For detailed request info:

get_network_request(reqid: <id>)

Phase 4: Layout Shift Identification

From the performance trace insights, identify:

  • Elements causing CLS (images without dimensions, dynamically injected content, web fonts causing FOIT/FOUT)
  • Ads or embeds pushing content down

Phase 5: Accessibility Snapshot

Take an accessibility tree snapshot:

take_snapshot(verbose: true)

Flag high-level gaps:

  • Missing or duplicate ARIA IDs
  • Elements with poor contrast ratios (check against WCAG AA: 4.5:1 for normal text, 3:1 for large text)
  • Focus traps or missing focus indicators
  • Interactive elements without accessible names

Codebase Analysis

After the browser audit, analyze the codebase to understand where improvements can be made. Skip this phase if auditing a third-party site without codebase access.

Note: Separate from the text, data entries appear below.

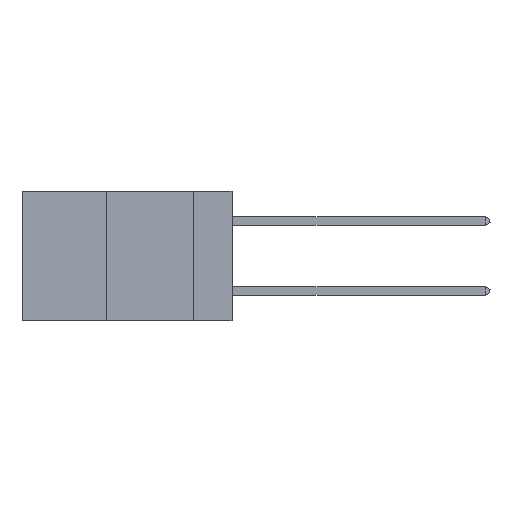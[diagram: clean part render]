
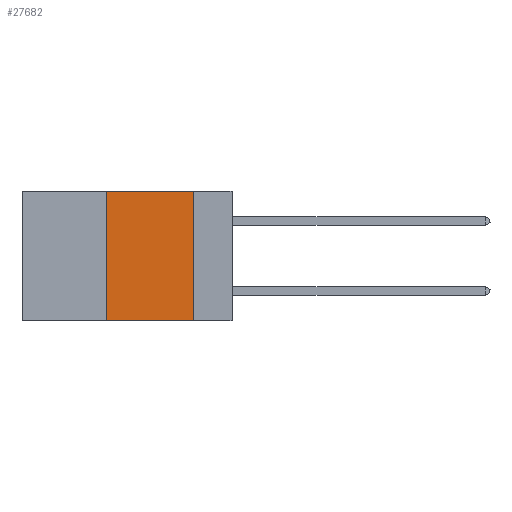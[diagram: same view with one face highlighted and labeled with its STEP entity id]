
A CAD part, left-side view. The second image highlights one B-rep face of the part: STEP entity #27682.
In plain terms, the highlighted planar face has unit normal (-1, 0, 0).
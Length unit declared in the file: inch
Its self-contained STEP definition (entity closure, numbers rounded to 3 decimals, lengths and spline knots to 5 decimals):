
#633 = LINE ( 'NONE', #9958, #5266 ) ;
#1977 = LINE ( 'NONE', #3476, #27460 ) ;
#2696 = EDGE_CURVE ( 'NONE', #23830, #30875, #25796, .T. ) ;
#3476 = CARTESIAN_POINT ( 'NONE',  ( 0., 0.6, 0. ) ) ;
#3786 = DIRECTION ( 'NONE',  ( 0., 0., -1. ) ) ;
#5266 = VECTOR ( 'NONE', #3786, 39.37008 ) ;
#5698 = CARTESIAN_POINT ( 'NONE',  ( 0., 0.11, -0.37 ) ) ;
#7793 = VERTEX_POINT ( 'NONE', #5698 ) ;
#8181 = DIRECTION ( 'NONE',  ( 0., 0., 1. ) ) ;
#8471 = CARTESIAN_POINT ( 'NONE',  ( 0., 0.36, 0. ) ) ;
#9161 = FACE_OUTER_BOUND ( 'NONE', #14986, .T. ) ;
#9958 = CARTESIAN_POINT ( 'NONE',  ( 0., 0.11, 0. ) ) ;
#10336 = EDGE_CURVE ( 'NONE', #30875, #18202, #1977, .T. ) ;
#10867 = CARTESIAN_POINT ( 'NONE',  ( 0., 0.6, -0.37 ) ) ;
#12951 = CARTESIAN_POINT ( 'NONE',  ( 0., 0.36, -0.37 ) ) ;
#13765 = CARTESIAN_POINT ( 'NONE',  ( 0., 0.6, 0. ) ) ;
#13894 = DIRECTION ( 'NONE',  ( 1., 0., 0. ) ) ;
#14986 = EDGE_LOOP ( 'NONE', ( #20375, #29798, #33045, #34430 ) ) ;
#16033 = VECTOR ( 'NONE', #8181, 39.37008 ) ;
#16833 = DIRECTION ( 'NONE',  ( 0., -1., 0. ) ) ;
#17999 = EDGE_CURVE ( 'NONE', #23830, #7793, #30806, .T. ) ;
#18202 = VERTEX_POINT ( 'NONE', #38012 ) ;
#18796 = EDGE_CURVE ( 'NONE', #18202, #7793, #633, .T. ) ;
#18813 = VECTOR ( 'NONE', #16833, 39.37008 ) ;
#20375 = ORIENTED_EDGE ( 'NONE', *, *, #18796, .F. ) ;
#23830 = VERTEX_POINT ( 'NONE', #12951 ) ;
#25437 = DIRECTION ( 'NONE',  ( 0., 0., -1. ) ) ;
#25678 = CARTESIAN_POINT ( 'NONE',  ( 0., 0.36, 0. ) ) ;
#25796 = LINE ( 'NONE', #25678, #16033 ) ;
#27460 = VECTOR ( 'NONE', #35441, 39.37008 ) ;
#27682 = ADVANCED_FACE ( 'NONE', ( #9161 ), #37302, .F. ) ;
#29798 = ORIENTED_EDGE ( 'NONE', *, *, #10336, .F. ) ;
#30806 = LINE ( 'NONE', #10867, #18813 ) ;
#30875 = VERTEX_POINT ( 'NONE', #8471 ) ;
#31389 = AXIS2_PLACEMENT_3D ( 'NONE', #13765, #13894, #25437 ) ;
#33045 = ORIENTED_EDGE ( 'NONE', *, *, #2696, .F. ) ;
#34430 = ORIENTED_EDGE ( 'NONE', *, *, #17999, .T. ) ;
#35441 = DIRECTION ( 'NONE',  ( 0., -1., 0. ) ) ;
#37302 = PLANE ( 'NONE',  #31389 ) ;
#38012 = CARTESIAN_POINT ( 'NONE',  ( 0., 0.11, 0. ) ) ;
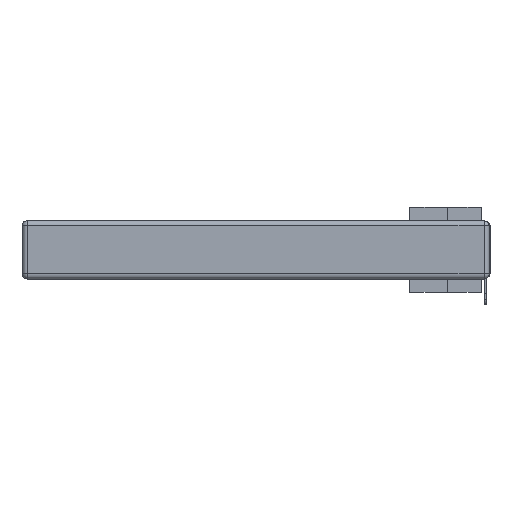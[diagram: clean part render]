
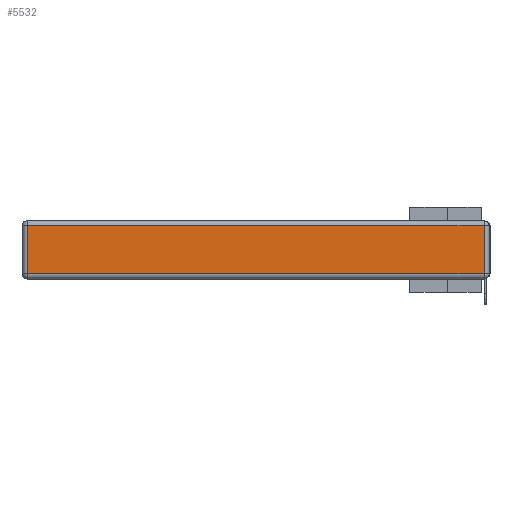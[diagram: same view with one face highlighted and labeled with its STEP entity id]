
A CAD part, left-side view. The second image highlights one B-rep face of the part: STEP entity #5532.
In plain terms, the highlighted planar face has unit normal (-1, 0, 0).
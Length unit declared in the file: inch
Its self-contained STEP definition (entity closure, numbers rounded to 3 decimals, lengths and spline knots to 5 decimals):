
#2346 = VERTEX_POINT ( 'NONE', #24583 ) ;
#2523 = CARTESIAN_POINT ( 'NONE',  ( 0., 0.03, -0.313 ) ) ;
#3025 = AXIS2_PLACEMENT_3D ( 'NONE', #21550, #26340, #19199 ) ;
#4112 = VECTOR ( 'NONE', #27577, 39.37008 ) ;
#5532 = ADVANCED_FACE ( 'NONE', ( #7322 ), #9267, .T. ) ;
#6895 = EDGE_CURVE ( 'NONE', #19209, #7059, #25319, .T. ) ;
#7059 = VERTEX_POINT ( 'NONE', #10104 ) ;
#7157 = DIRECTION ( 'NONE',  ( 0., 1., 0. ) ) ;
#7322 = FACE_OUTER_BOUND ( 'NONE', #16412, .T. ) ;
#9267 = PLANE ( 'NONE',  #3025 ) ;
#10104 = CARTESIAN_POINT ( 'NONE',  ( 0., 2.72, -0.313 ) ) ;
#10142 = VECTOR ( 'NONE', #17991, 39.37008 ) ;
#14537 = CARTESIAN_POINT ( 'NONE',  ( 0., 2.72, -0.343 ) ) ;
#15220 = CARTESIAN_POINT ( 'NONE',  ( 0., 0.03, -0.343 ) ) ;
#16412 = EDGE_LOOP ( 'NONE', ( #16437, #29405, #22632, #23346 ) ) ;
#16437 = ORIENTED_EDGE ( 'NONE', *, *, #17980, .T. ) ;
#16872 = CARTESIAN_POINT ( 'NONE',  ( 0., 2.75, -0.03 ) ) ;
#17235 = CARTESIAN_POINT ( 'NONE',  ( 0., 0., -0.313 ) ) ;
#17651 = EDGE_CURVE ( 'NONE', #31508, #2346, #26601, .T. ) ;
#17980 = EDGE_CURVE ( 'NONE', #7059, #31508, #27321, .T. ) ;
#17991 = DIRECTION ( 'NONE',  ( 0., -1., 0. ) ) ;
#18881 = VECTOR ( 'NONE', #24328, 39.37008 ) ;
#19199 = DIRECTION ( 'NONE',  ( 0., 0., 1. ) ) ;
#19209 = VERTEX_POINT ( 'NONE', #24229 ) ;
#20679 = VECTOR ( 'NONE', #7157, 39.37008 ) ;
#21469 = LINE ( 'NONE', #16872, #20679 ) ;
#21550 = CARTESIAN_POINT ( 'NONE',  ( 0., 0., -0.343 ) ) ;
#22632 = ORIENTED_EDGE ( 'NONE', *, *, #29060, .T. ) ;
#23346 = ORIENTED_EDGE ( 'NONE', *, *, #6895, .T. ) ;
#24229 = CARTESIAN_POINT ( 'NONE',  ( 0., 2.72, -0.03 ) ) ;
#24328 = DIRECTION ( 'NONE',  ( 0., 0., -1. ) ) ;
#24583 = CARTESIAN_POINT ( 'NONE',  ( 0., 0.03, -0.03 ) ) ;
#25319 = LINE ( 'NONE', #14537, #18881 ) ;
#26340 = DIRECTION ( 'NONE',  ( -1., 0., 0. ) ) ;
#26601 = LINE ( 'NONE', #15220, #4112 ) ;
#27321 = LINE ( 'NONE', #17235, #10142 ) ;
#27577 = DIRECTION ( 'NONE',  ( 0., 0., 1. ) ) ;
#29060 = EDGE_CURVE ( 'NONE', #2346, #19209, #21469, .T. ) ;
#29405 = ORIENTED_EDGE ( 'NONE', *, *, #17651, .T. ) ;
#31508 = VERTEX_POINT ( 'NONE', #2523 ) ;

Detect Framework & Bundler

Search for configuration files to identify the stack:

Tool Config Files
Webpack webpack.config.js, webpack.*.js
Vite vite.config.js, vite.config.ts
Rollup rollup.config.js, rollup.config.mjs
esbuild esbuild.config.js, build scripts with esbuild
Parcel .parcelrc, package.json (parcel field)
Next.js next.config.js, next.config.mjs
Nuxt nuxt.config.js, nuxt.config.ts
SvelteKit svelte.config.js
Astro astro.config.mjs

Also check package.json for framework dependencies and build scripts.

Tree-Shaking & Dead Code

  • Webpack: Check for mode: 'production', sideEffects in package.json, usedExports optimization
  • Vite/Rollup: Tree-shaking enabled by default; check for treeshake options
  • Look for: Barrel files (index.js re-exports), large utility libraries imported wholesale (lodash, moment)

Unused JS/CSS

  • Check for CSS-in-JS vs. static CSS extraction
  • Look for PurgeCSS/UnCSS configuration (Tailwind's content config)
  • Identify dynamic imports vs. eager loading

Polyfills

  • Check for @babel/preset-env targets and useBuiltIns setting
  • Look for core-js imports (often oversized)
  • Check browserslist config for overly broad targeting

Compression & Minification

  • Check for terser, esbuild, or swc minification
  • Look for gzip/brotli compression in build output or server config
  • Check for source maps in production builds (should be external or disabled)

Output Format

Present findings as:

  1. Core Web Vitals Summary - Table with metric, value, and rating (good/needs-improvement/poor)
  2. Top Issues - Prioritized list of problems with estimated impact (high/medium/low)
  3. Recommendations - Specific, actionable fixes with code snippets or config changes
  4. Codebase Findings - Framework/bundler detected, optimization opportunities

Guidelines

  • Be assertive: Don't hedge with "if not needed" or "consider removing". Verify claims by checking the network requests, DOM, or codebase. If a preconnect is unused, confirm no requests went to that origin—then state definitively "Remove this unused preconnect."
  • Verify before recommending: If you suggest removing something, first confirm it's actually unused. Search the codebase or inspect network traffic.
  • Quantify impact: Use estimated savings from insights. Don't recommend changes with 0ms estimated savings as high-priority.
  • Skip non-issues: If render-blocking resources load in <100ms and have 0ms estimated impact, note they exist but don't recommend action.
  • Be specific: Instead of "optimize images", say "compress hero.png (currently 450KB) to WebP" or "add width/height to prevent layout shift on line 47".
  • Prioritize ruthlessly: Focus on issues with measurable impact. A site with 200ms LCP and 0 CLS is already excellent—say so and move on.